Use of biofuels, biodiesel, bioethanol etc is it feasible, ethical, sustainable and environmental?

Hi Dave and Chris
Can I add my bit?
UK homegrown biofuel could, at extreme, only supply 3 or 4% of UK transport fuel.
Ethanol is such poor EROEI and competes directly with food, wheat, sugar, it should not count.
We only have ~6M hectares of ploughable land (as in WWII). The figures for WWII are sobering and illustrate for example the limited supply of milk and meat from  permanent grass pasture. We had tight rationing and still needed to import 1/3 of all our calories. Now with 61M people we have about 4 persons per acre of cultivable arable land. Even if the yield per acre of wheat is now double, because modern varieties can use much higher NPK input, we would see biofuels increase imports of both food and, from very dubious sources, vegetable oil.
Oil Seed is better than ethanol but must be grown in rotation and realistically could supply considerably less than the 5 – 6% of UK diesel demand that might be reached if the maximum possible OSR crop were all devoted to diesel.
This means large imports of bio-oil if refineries are to reach an economic critical throughput.
In which above cases, Dave A’s concerns apply in spades.(Are you aware that already there are extant planning applications for power stations that will burn imported vegetable oil; actually Palm Oil? An appalling waste IMHO.)
A similar case for biofuel / diesel increasing net imports for EU as a whole is made by JRC Reports to the EC.

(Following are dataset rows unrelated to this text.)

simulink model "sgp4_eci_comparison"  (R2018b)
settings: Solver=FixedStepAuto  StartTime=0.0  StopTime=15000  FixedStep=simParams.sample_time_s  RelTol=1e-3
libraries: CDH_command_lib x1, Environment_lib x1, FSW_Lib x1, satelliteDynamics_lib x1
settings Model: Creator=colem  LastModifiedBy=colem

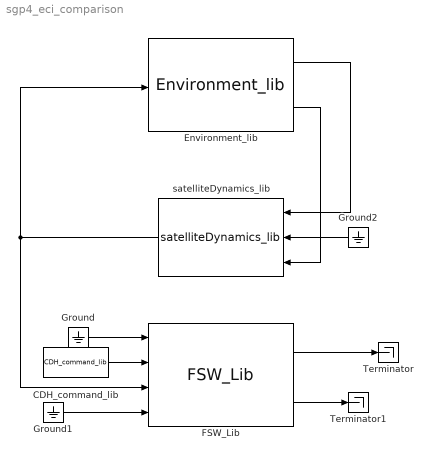
== system sgp4_eci_comparison ==
  CDH_command_lib : CDH_command_lib/CDH_command_lib  SystemSampleTime=-1
  Environment_lib : Environment_lib/Environment_lib  SystemSampleTime=-1
  FSW_Lib : FSW_Lib/FSW_Lib  SystemSampleTime=-1
  Ground : Ground
  Ground1 : Ground
  Ground2 : Ground
  Terminator : Terminator
  Terminator1 : Terminator
  satelliteDynamics_lib : satelliteDynamics_lib/satelliteDynamics_lib  SystemSampleTime=-1
  wires:
  satelliteDynamics_lib/1 -> Environment_lib/1, FSW_Lib/3
  CDH_command_lib/1 -> FSW_Lib/2
  Ground/1 -> FSW_Lib/1
  Ground1/1 -> FSW_Lib/4
  Environment_lib/1 -> satelliteDynamics_lib/1
  Environment_lib/2 -> satelliteDynamics_lib/3
  Ground2/1 -> satelliteDynamics_lib/2
  FSW_Lib/1 -> Terminator/1
  FSW_Lib/2 -> Terminator1/1
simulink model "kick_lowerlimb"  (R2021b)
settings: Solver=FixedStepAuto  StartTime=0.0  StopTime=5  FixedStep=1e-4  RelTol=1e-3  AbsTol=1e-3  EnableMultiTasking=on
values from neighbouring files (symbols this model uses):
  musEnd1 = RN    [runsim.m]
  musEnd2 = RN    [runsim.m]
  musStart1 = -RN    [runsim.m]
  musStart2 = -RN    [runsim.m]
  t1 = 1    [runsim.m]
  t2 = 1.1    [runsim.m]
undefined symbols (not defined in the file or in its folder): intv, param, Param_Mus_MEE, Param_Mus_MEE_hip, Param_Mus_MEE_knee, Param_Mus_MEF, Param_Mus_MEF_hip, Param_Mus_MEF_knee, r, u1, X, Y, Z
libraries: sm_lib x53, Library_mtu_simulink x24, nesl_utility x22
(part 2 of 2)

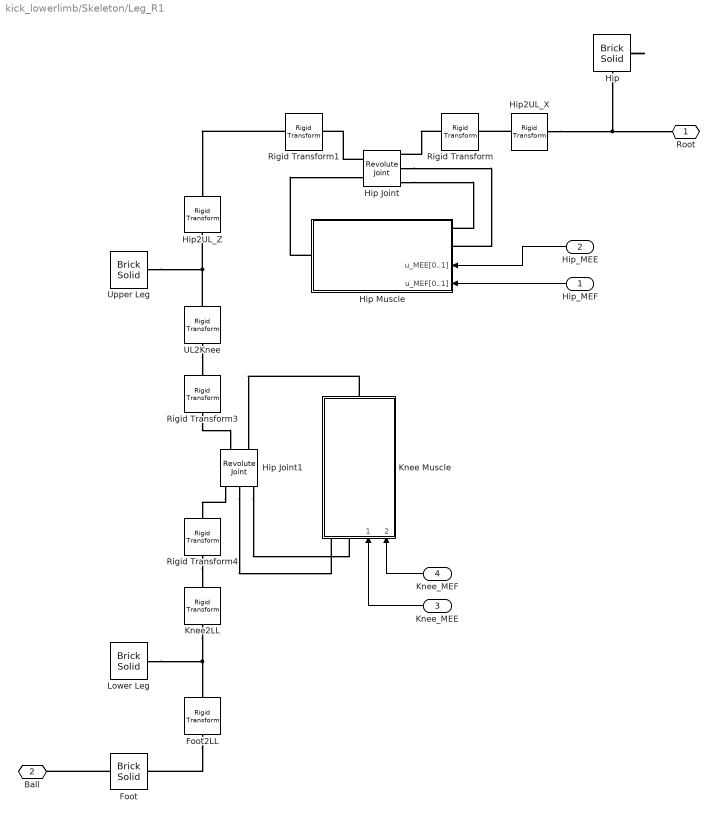
== system kick_lowerlimb/Skeleton/Leg_R1 ==
  Hip_MEF : Inport
  Hip_MEE : Inport  Port=2
  Knee_MEE : Inport  Port=3
  Knee_MEF : Inport  Port=4
  Foot : sm_lib/Body Elements/Brick Solid  GraphicAmbientColor=[0.15 0.15 0.15 1.0]  BasedOnType=Mass  BrickDimensions=param.foot.dim  BrickDimensionUnits=m  CenterOfMass=[0 0 0]  CenterOfMassUnits=m  GraphicDiffuseColor=[0.5 0.5 0.5]  Density=1000  DensityUnits=kg/m^3  DoExposeReferenceFrame=on  GraphicEmissiveColor=[0.0 0.0 0.0 1.0]  ExportEntireGeometry=on  SerializedFrames=<Frames/>  MarkerShape=Sphere  MarkerSize=10  GraphicType=FromGeometry  InertiaType=CalculateFromGeometry  Mass=param.foot.mass  MassUnits=kg  MomentsOfInertia=[1 1 1]  MomentsOfInertiaUnits=kg*m^2  GraphicOpacity=1.0  ProductsOfInertia=[0 0 0]  ProductsOfInertiaUnits=kg*m^2  GraphicShininess=75  GraphicSpecularColor=[0.5 0.5 0.5 1.0]  GraphicVisPropType=SimpleVisualProperties
  Foot2LL : sm_lib/Frames and Transforms/Rigid Transform  TranslationMethod=Cartesian  TranslationStandardOffset=0  TranslationLengthUnit=m  TranslationStandardAxis=+Z  TranslationCartesianOffset=param.ll.pos.foot  TranslationROffset=0  TranslationROffsetUnits=m  TranslationZOffset=0  TranslationZOffsetUnits=m  TranslationThetaOffset=0  TranslationThetaOffsetUnits=deg  RotationMethod=None  RotationAngleUnits=deg  RotationStandardAxis=+Z  RotationAngle=0.0  RotationArbitraryAxis=[0 0 1]  FollAlignAxisA=+X  BaseAlignAxisA=+Y  FollAlignAxisB=+Y  BaseAlignAxisB=+Z  RotationSequenceAxes=FollowerAxes  RotationSequence=XYX  RotationSequenceAngles=[0 0 0]  RotationSequenceAnglesUnits=deg  RotationMatrix=[1 0 0; 0 1 0; 0 0 1]
  Hip : sm_lib/Body Elements/Brick Solid  GraphicAmbientColor=[0.15 0.15 0.15 1.0]  BasedOnType=Mass  BrickDimensions=param.hip.dim  BrickDimensionUnits=m  CenterOfMass=[0 0 0]  CenterOfMassUnits=m  GraphicDiffuseColor=[0.5 0.5 0.5]  Density=1000  DensityUnits=kg/m^3  DoExposeReferenceFrame=on  GraphicEmissiveColor=[0.0 0.0 0.0 1.0]  ExportEntireGeometry=off  SerializedFrames=<Frames/>  MarkerShape=Sphere  MarkerSize=10  GraphicType=FromGeometry  InertiaType=CalculateFromGeometry  Mass=param.hip.mass/2  MassUnits=kg  MomentsOfInertia=[1 1 1]  MomentsOfInertiaUnits=kg*m^2  GraphicOpacity=1.0  ProductsOfInertia=[0 0 0]  ProductsOfInertiaUnits=kg*m^2  GraphicShininess=75  GraphicSpecularColor=[0.5 0.5 0.5 1.0]  GraphicVisPropType=SimpleVisualProperties
  Hip Joint : sm_lib/Joints/Revolute Joint  JointMode=Normal  SenseConstraintForce=off  SenseConstraintForceX=off  SenseConstraintForceY=off  SenseConstraintForceZ=off  SenseConstraintTorque=off  SenseConstraintTorqueX=off  SenseConstraintTorqueY=off  SenseConstraintTorqueZ=off  SenseTotalForce=off  SenseTotalForceX=off  SenseTotalForceY=off  SenseTotalForceZ=off  SenseTotalTorque=off  SenseTotalTorqueX=off  SenseTotalTorqueY=off  SenseTotalTorqueZ=off  CompositeWrenchDir=FollowerOnBase  CompositeWrenchFrame=BaseFrame  EquilibriumPosition=0  EquilibriumPositionUnits=deg  SpringStiffness=0  SpringStiffnessUnits=N*m/deg  DampingCoefficient=0  DampingCoefficientUnits=N*m/(deg/s)  TorqueActuationMode=InputTorque  MotionActuationMode=ComputedMotion  SensePosition=on  SenseVelocity=on  SenseAcceleration=off  SenseTorqueForce=off  SenseLowerLimitTorqueForce=off  SenseUpperLimitTorqueForce=off  LowerLimitSpecify=on  LowerLimitBound=-45  LowerLimitBoundUnits=deg  LowerLimitStiffness=1e4  LowerLimitStiffnessUnits=N*m/deg  LowerLimitDamping=10  LowerLimitDampingUnits=N*m/(deg/s)  LowerLimitTransitionRegionWidth=0.1  LowerLimitTransitionRegionWidthUnits=deg  UpperLimitSpecify=on  UpperLimitBound=90  UpperLimitBoundUnits=deg  UpperLimitStiffness=1e4  UpperLimitStiffnessUnits=N*m/deg  UpperLimitDamping=10  UpperLimitDampingUnits=N*m/(deg/s)  UpperLimitTransitionRegionWidth=0.1  UpperLimitTransitionRegionWidthUnits=deg  PositionTargetSpecify=off  PositionTargetPriority=High  PositionTargetValue=0  PositionTargetValueUnits=deg  VelocityTargetSpecify=off  VelocityTargetPriority=High  VelocityTargetValue=0  VelocityTargetValueUnits=deg/s
  Hip Joint1 : sm_lib/Joints/Revolute Joint  JointMode=Normal  SenseConstraintForce=off  SenseConstraintForceX=off  SenseConstraintForceY=off  SenseConstraintForceZ=off  SenseConstraintTorque=off  SenseConstraintTorqueX=off  SenseConstraintTorqueY=off  SenseConstraintTorqueZ=off  SenseTotalForce=off  SenseTotalForceX=off  SenseTotalForceY=off  SenseTotalForceZ=off  SenseTotalTorque=off  SenseTotalTorqueX=off  SenseTotalTorqueY=off  SenseTotalTorqueZ=off  CompositeWrenchDir=FollowerOnBase  CompositeWrenchFrame=BaseFrame  EquilibriumPosition=0  EquilibriumPositionUnits=deg  SpringStiffness=0  SpringStiffnessUnits=N*m/deg  DampingCoefficient=0  DampingCoefficientUnits=N*m/(deg/s)  TorqueActuationMode=InputTorque  MotionActuationMode=ComputedMotion  SensePosition=on  SenseVelocity=on  SenseAcceleration=off  SenseTorqueForce=off  SenseLowerLimitTorqueForce=off  SenseUpperLimitTorqueForce=off  LowerLimitSpecify=on  LowerLimitBound=-165  LowerLimitBoundUnits=deg  LowerLimitStiffness=1e4  LowerLimitStiffnessUnits=N*m/deg  LowerLimitDamping=10  LowerLimitDampingUnits=N*m/(deg/s)  LowerLimitTransitionRegionWidth=0.1  LowerLimitTransitionRegionWidthUnits=deg  UpperLimitSpecify=on  UpperLimitBound=3  UpperLimitBoundUnits=deg  UpperLimitStiffness=1e4  UpperLimitStiffnessUnits=N*m/deg  UpperLimitDamping=10  UpperLimitDampingUnits=N*m/(deg/s)  UpperLimitTransitionRegionWidth=0.1  UpperLimitTransitionRegionWidthUnits=deg  PositionTargetSpecify=off  PositionTargetPriority=High  PositionTargetValue=0  PositionTargetValueUnits=deg  VelocityTargetSpecify=off  VelocityTargetPriority=High  VelocityTargetValue=0  VelocityTargetValueUnits=deg/s
  Hip Muscle : Subsystem
      settings: PortSchema="{\"entries\":[{\"content\":{\"sides\":[{\"content\":{\"connectorIds\":[\"LConn1\"]},\"type\":\"ConnectorPlacement.EquallySpacedRectSide\",\"uuid\":\"09d485eb-322b-4a2d-b7b4-821800bf0a85\"},{\"content\":{\"connectorIds\":[\"RConn1\",\"RConn2\",\"In1\",\"In2\"],\"side\":\"RIGHT\"},\"type\":\"ConnectorPlacement.EquallySpacedRectSide\",\"uuid\":\"714a60c3-3d51-49b7-818d-6b831f6e3c7a\"},{\"content\":{\"connectorIds\":[],\"side\":\"TOP\"},\"type\":\"ConnectorPlacement.EquallySpacedRectSide\",\"uuid\":\"17f78a34-f772-4722-9987-c43901f4dd6e\"}]},\"type\":\"ConnectorPlacement.EquallySpacedConnector\",\"uuid\":\"fb4f7900-d8a7-436d-9a98-0d4fc98d81d7\"}],\"packageUris\":[\"http://schema.mathworks.com/mf0/Connector/R2020b\"],\"version\":\"1.0\"}"
  Hip2UL_X : sm_lib/Frames and Transforms/Rigid Transform  TranslationMethod=StandardAxis  TranslationStandardOffset=param.hip.pos.ul_x  TranslationLengthUnit=m  TranslationStandardAxis=-X  TranslationCartesianOffset=[0 0 0]  TranslationROffset=0  TranslationROffsetUnits=m  TranslationZOffset=0  TranslationZOffsetUnits=m  TranslationThetaOffset=0  TranslationThetaOffsetUnits=deg  RotationMethod=None  RotationAngleUnits=deg  RotationStandardAxis=+Z  RotationAngle=0.0  RotationArbitraryAxis=[0 0 1]  FollAlignAxisA=+X  BaseAlignAxisA=+Y  FollAlignAxisB=+Y  BaseAlignAxisB=+Z  RotationSequenceAxes=FollowerAxes  RotationSequence=XYX  RotationSequenceAngles=[0 0 0]  RotationSequenceAnglesUnits=deg  RotationMatrix=[1 0 0; 0 1 0; 0 0 1]
  Hip2UL_Z : sm_lib/Frames and Transforms/Rigid Transform  TranslationMethod=StandardAxis  TranslationStandardOffset=param.hip.pos.ul_z  TranslationLengthUnit=m  TranslationStandardAxis=+Z  TranslationCartesianOffset=[0 0 0]  TranslationROffset=0  TranslationROffsetUnits=m  TranslationZOffset=0  TranslationZOffsetUnits=m  TranslationThetaOffset=0  TranslationThetaOffsetUnits=deg  RotationMethod=None  RotationAngleUnits=deg  RotationStandardAxis=+Z  RotationAngle=0.0  RotationArbitraryAxis=[0 0 1]  FollAlignAxisA=+X  BaseAlignAxisA=+Y  FollAlignAxisB=+Y  BaseAlignAxisB=+Z  RotationSequenceAxes=FollowerAxes  RotationSequence=XYX  RotationSequenceAngles=[0 0 0]  RotationSequenceAnglesUnits=deg  RotationMatrix=[1 0 0; 0 1 0; 0 0 1]
  Knee Muscle : Subsystem
      settings: PortSchema="{\"entries\":[{\"content\":{\"sides\":[{\"content\":{\"connectorIds\":[\"LConn1\",\"LConn2\",\"In1\",\"In2\"]},\"type\":\"ConnectorPlacement.EquallySpacedRectSide\",\"uuid\":\"3b044809-3318-4a6d-8aa6-82c54e5fe3cb\"},{\"content\":{\"connectorIds\":[\"RConn1\"],\"side\":\"RIGHT\"},\"type\":\"ConnectorPlacement.EquallySpacedRectSide\",\"uuid\":\"88d11738-42a2-44aa-8fb0-c3ef05d80cd7\"},{\"content\":{\"connectorIds\":[],\"side\":\"TOP\"},\"type\":\"ConnectorPlacement.EquallySpacedRectSide\",\"uuid\":\"f463f2d8-c609-4ddb-8314-070b29d257df\"}]},\"type\":\"ConnectorPlacement.EquallySpacedConnector\",\"uuid\":\"4bbd78e6-9d91-4575-bf34-482a08640315\"}],\"packageUris\":[\"http://schema.mathworks.com/mf0/Connector/R2020b\"],\"version\":\"1.0\"}"
  Knee2LL : sm_lib/Frames and Transforms/Rigid Transform  TranslationMethod=Cartesian  TranslationStandardOffset=0  TranslationLengthUnit=m  TranslationStandardAxis=+Z  TranslationCartesianOffset=param.ll.pos.knee  TranslationROffset=0  TranslationROffsetUnits=m  TranslationZOffset=0  TranslationZOffsetUnits=m  TranslationThetaOffset=0  TranslationThetaOffsetUnits=deg  RotationMethod=None  RotationAngleUnits=deg  RotationStandardAxis=+Z  RotationAngle=0.0  RotationArbitraryAxis=[0 0 1]  FollAlignAxisA=+X  BaseAlignAxisA=+Y  FollAlignAxisB=+Y  BaseAlignAxisB=+Z  RotationSequenceAxes=FollowerAxes  RotationSequence=XYX  RotationSequenceAngles=[0 0 0]  RotationSequenceAnglesUnits=deg  RotationMatrix=[1 0 0; 0 1 0; 0 0 1]
  Lower Leg : sm_lib/Body Elements/Brick Solid  GraphicAmbientColor=[0.15 0.15 0.15 1.0]  BasedOnType=Mass  BrickDimensions=param.ll.dim  BrickDimensionUnits=m  CenterOfMass=[0 0 0]  CenterOfMassUnits=m  GraphicDiffuseColor=[0.2 0.2 1.0]  Density=1000  DensityUnits=kg/m^3  DoExposeReferenceFrame=on  GraphicEmissiveColor=[0.0 0.0 0.0 1.0]  ExportEntireGeometry=off  SerializedFrames=<Frames/>  MarkerShape=Sphere  MarkerSize=10  GraphicType=FromGeometry  InertiaType=CalculateFromGeometry  Mass=param.ll.mass  MassUnits=kg  MomentsOfInertia=[1 1 1]  MomentsOfInertiaUnits=kg*m^2  GraphicOpacity=1.0  ProductsOfInertia=[0 0 0]  ProductsOfInertiaUnits=kg*m^2  GraphicShininess=75  GraphicSpecularColor=[0.5 0.5 0.5 1.0]  GraphicVisPropType=SimpleVisualProperties
  Rigid Transform : sm_lib/Frames and Transforms/Rigid Transform  TranslationMethod=None  TranslationStandardOffset=0  TranslationLengthUnit=m  TranslationStandardAxis=+Z  TranslationCartesianOffset=[0 0 0]  TranslationROffset=0  TranslationROffsetUnits=m  TranslationZOffset=0  TranslationZOffsetUnits=m  TranslationThetaOffset=0  TranslationThetaOffsetUnits=deg  RotationMethod=StandardAxis  RotationAngleUnits=deg  RotationStandardAxis=+Y  RotationAngle=90  RotationArbitraryAxis=[0 0 1]  FollAlignAxisA=+X  BaseAlignAxisA=+Y  FollAlignAxisB=+Y  BaseAlignAxisB=+Z  RotationSequenceAxes=FollowerAxes  RotationSequence=XYX  RotationSequenceAngles=[0 0 0]  RotationSequenceAnglesUnits=deg  RotationMatrix=[1 0 0; 0 1 0; 0 0 1]
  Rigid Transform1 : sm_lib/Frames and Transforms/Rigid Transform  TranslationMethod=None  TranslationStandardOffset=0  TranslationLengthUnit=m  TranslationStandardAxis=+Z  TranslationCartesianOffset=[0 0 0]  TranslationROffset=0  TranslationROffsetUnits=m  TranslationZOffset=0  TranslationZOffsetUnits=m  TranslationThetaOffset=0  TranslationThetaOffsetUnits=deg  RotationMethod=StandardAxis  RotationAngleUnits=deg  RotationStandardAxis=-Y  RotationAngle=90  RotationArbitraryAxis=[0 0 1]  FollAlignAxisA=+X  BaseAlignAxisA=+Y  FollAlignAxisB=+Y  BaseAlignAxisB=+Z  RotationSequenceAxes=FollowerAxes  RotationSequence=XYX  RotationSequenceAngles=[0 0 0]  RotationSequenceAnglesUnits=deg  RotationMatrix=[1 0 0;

Gasification of coppice energy crops grown on poorer ground and under poorer growing conditions might supply another few % if a case could be made for changing our transport to NG (gas) driven. Not going to happen? We are not US of A. Savings and electricity from renewables / nuclear for transport seems better way to go.
best
Phil
— On Sun, 9/5/10, dave andrews <> wrote:
From: dave andrews <

Hi Chris – thank you for inviting me to pontificate!!!  (not that I need much encouragement)
 
I am only against bio diesel etc when it involves chopping down perfectly good rain forest, or Savannah or the other land category in South America no one has ever heard of, and growing oil crops; or turning grain production into petrol etc.
 
It has been shown that all of these are very dubious in terms of carbon savings and very bad for orangutans.
 
I would be in favour of Sea Water Green House, plus ADRECS to create fresh water and to create NEW biomass in deserts along with renewable electricity  which could then be converted into some sort of bio fuel. Some of the carbon residues could be sequestrated.
 
That works for me.
 
As you know I am pretty keen on ammonia as a fuel source for heavy vehicles, planes etc.
 
And of course we should have far less personal transport and more directly powered electric transport such as trams and railways.
 
And of course, coal can readily be made into fuel and with CCS…….not so much of a problem.
 
best
 
Dave A
 
On 8 May 2010 22:55, Chris Hodrien < wrote:
> Dave, I hadn’t hoisted in that you were quite so ‘anti’ bio-diesel (and
> liquid biofuels in general?).
> It seems to me that they have a legitimate transport role (especially for
> air travel),  though smaller than once thought because of ‘fuel vs. food’
> and ‘fuel vs. forest’ issues, and that the attraction of refining into a
> product compatible with retrofitting into all the millions of existing
> engines on the road (while recognising the resulting refining costs + energy
> losses) were self-evident. So I would be interested in a bit more detail on
> your own arguments against it, especially where (what end-uses) you think
> that ‘available’ biomass (wastes if nothing else) should go instead. I am
> quite amenable if you want to argue that animal/human food products are
> higher ‘value-added’ than fuels, if that’s part of it – you might well be
> right! Rgds,  Chris.

One comment on “Use of biofuels, biodiesel, bioethanol etc is it feasible, ethical, sustainable and environmental?

  1. We need:

    Less energy use, less personal transport and more communal transport in cities and towns.

    Improved long distance and high speed rail services and less short haul air travel.

    Goods should go by water or rail, bring back airships for air travel.

    If we gave back our cities to people we would have much better life styles. Our problems are that we designed our cities for cars not people.